--- DATA UNDER STUDY ---

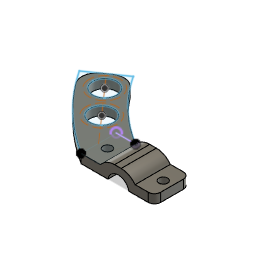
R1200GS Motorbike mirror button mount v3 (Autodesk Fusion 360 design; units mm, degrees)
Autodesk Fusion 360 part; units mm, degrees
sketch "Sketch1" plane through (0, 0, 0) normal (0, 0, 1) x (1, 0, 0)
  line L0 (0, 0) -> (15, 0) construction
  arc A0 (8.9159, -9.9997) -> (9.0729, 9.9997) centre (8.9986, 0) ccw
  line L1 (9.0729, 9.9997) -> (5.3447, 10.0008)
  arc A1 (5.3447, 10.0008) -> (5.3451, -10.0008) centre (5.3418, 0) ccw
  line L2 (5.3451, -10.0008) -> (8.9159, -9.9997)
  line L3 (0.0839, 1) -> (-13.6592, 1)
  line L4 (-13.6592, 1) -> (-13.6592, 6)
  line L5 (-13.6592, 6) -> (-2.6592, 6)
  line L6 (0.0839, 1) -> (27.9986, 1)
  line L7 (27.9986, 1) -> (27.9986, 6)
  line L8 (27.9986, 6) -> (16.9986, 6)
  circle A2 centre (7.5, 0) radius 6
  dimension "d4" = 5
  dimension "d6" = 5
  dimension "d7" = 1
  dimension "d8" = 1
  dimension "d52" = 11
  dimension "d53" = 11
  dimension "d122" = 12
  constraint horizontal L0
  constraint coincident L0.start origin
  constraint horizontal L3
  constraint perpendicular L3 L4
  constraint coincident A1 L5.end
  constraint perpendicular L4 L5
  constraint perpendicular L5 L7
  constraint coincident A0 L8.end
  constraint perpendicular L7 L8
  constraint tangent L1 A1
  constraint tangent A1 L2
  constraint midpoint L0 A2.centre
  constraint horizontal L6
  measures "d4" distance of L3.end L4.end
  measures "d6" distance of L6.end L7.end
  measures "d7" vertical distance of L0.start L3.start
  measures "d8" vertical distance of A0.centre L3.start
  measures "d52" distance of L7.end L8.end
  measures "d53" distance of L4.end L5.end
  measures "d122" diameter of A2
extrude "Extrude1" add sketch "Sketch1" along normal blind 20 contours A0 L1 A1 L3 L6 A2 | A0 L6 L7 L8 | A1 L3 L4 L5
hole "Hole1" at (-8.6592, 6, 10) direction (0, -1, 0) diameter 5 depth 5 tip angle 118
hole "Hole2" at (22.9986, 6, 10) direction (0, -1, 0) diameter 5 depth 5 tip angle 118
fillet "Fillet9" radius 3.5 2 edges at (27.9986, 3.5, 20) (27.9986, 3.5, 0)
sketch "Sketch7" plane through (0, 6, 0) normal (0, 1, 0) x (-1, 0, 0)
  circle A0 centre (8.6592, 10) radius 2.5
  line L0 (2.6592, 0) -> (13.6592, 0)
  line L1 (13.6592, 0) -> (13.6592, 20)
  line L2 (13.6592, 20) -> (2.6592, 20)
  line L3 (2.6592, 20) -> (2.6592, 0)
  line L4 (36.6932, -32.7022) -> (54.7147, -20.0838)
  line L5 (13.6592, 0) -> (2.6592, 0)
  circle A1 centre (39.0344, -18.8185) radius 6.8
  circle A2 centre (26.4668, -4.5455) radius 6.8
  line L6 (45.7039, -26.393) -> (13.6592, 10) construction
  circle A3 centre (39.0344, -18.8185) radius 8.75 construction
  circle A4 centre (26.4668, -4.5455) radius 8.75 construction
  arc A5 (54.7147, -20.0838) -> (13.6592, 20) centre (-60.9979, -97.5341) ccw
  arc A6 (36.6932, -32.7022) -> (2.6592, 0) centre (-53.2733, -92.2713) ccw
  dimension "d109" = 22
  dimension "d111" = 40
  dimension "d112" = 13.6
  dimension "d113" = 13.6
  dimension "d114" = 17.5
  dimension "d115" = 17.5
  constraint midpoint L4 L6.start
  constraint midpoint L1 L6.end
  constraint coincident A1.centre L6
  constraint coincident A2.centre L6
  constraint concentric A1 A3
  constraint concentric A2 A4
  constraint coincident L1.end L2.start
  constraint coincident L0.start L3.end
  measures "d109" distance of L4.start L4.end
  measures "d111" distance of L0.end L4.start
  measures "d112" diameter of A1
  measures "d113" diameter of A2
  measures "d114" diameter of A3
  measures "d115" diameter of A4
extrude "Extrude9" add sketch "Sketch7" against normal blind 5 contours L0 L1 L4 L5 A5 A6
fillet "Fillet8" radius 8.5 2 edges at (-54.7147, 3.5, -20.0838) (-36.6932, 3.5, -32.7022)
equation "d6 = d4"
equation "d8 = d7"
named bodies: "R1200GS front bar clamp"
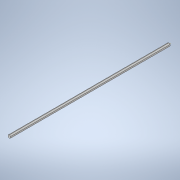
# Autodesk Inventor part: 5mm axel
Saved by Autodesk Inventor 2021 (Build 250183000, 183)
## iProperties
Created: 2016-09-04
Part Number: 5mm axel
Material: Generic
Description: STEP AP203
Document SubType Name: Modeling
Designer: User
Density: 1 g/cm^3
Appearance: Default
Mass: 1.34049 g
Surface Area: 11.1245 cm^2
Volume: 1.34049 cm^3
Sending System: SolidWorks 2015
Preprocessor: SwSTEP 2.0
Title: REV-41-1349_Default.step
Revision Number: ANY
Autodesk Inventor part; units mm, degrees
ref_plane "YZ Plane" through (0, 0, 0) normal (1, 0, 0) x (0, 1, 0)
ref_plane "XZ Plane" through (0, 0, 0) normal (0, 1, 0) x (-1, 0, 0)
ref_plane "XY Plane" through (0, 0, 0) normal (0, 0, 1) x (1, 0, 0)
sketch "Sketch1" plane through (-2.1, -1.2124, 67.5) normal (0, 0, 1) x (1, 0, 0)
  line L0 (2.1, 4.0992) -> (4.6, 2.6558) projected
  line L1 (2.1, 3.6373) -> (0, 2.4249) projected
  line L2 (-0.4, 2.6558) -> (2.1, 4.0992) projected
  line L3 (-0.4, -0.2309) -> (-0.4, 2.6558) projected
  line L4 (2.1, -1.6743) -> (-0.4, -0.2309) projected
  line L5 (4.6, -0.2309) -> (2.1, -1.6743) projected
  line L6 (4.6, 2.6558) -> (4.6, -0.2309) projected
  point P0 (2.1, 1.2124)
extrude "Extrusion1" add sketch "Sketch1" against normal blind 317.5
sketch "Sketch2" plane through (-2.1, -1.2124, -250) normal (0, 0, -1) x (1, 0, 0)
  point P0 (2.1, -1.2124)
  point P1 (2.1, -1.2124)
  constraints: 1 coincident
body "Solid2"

---

Restate exactly, and only, every line from the one that contains "0) x (0, 1, 0)" through the last line of the records.

(TASK RESULT):
ref_plane "YZ Plane" through (0, 0, 0) normal (1, 0, 0) x (0, 1, 0)
ref_plane "XZ Plane" through (0, 0, 0) normal (0, 1, 0) x (-1, 0, 0)
ref_plane "XY Plane" through (0, 0, 0) normal (0, 0, 1) x (1, 0, 0)
sketch "Sketch1" plane through (-2.1, -1.2124, 67.5) normal (0, 0, 1) x (1, 0, 0)
  line L0 (2.1, 4.0992) -> (4.6, 2.6558) projected
  line L1 (2.1, 3.6373) -> (0, 2.4249) projected
  line L2 (-0.4, 2.6558) -> (2.1, 4.0992) projected
  line L3 (-0.4, -0.2309) -> (-0.4, 2.6558) projected
  line L4 (2.1, -1.6743) -> (-0.4, -0.2309) projected
  line L5 (4.6, -0.2309) -> (2.1, -1.6743) projected
  line L6 (4.6, 2.6558) -> (4.6, -0.2309) projected
  point P0 (2.1, 1.2124)
extrude "Extrusion1" add sketch "Sketch1" against normal blind 317.5
sketch "Sketch2" plane through (-2.1, -1.2124, -250) normal (0, 0, -1) x (1, 0, 0)
  point P0 (2.1, -1.2124)
  point P1 (2.1, -1.2124)
  constraints: 1 coincident
body "Solid2"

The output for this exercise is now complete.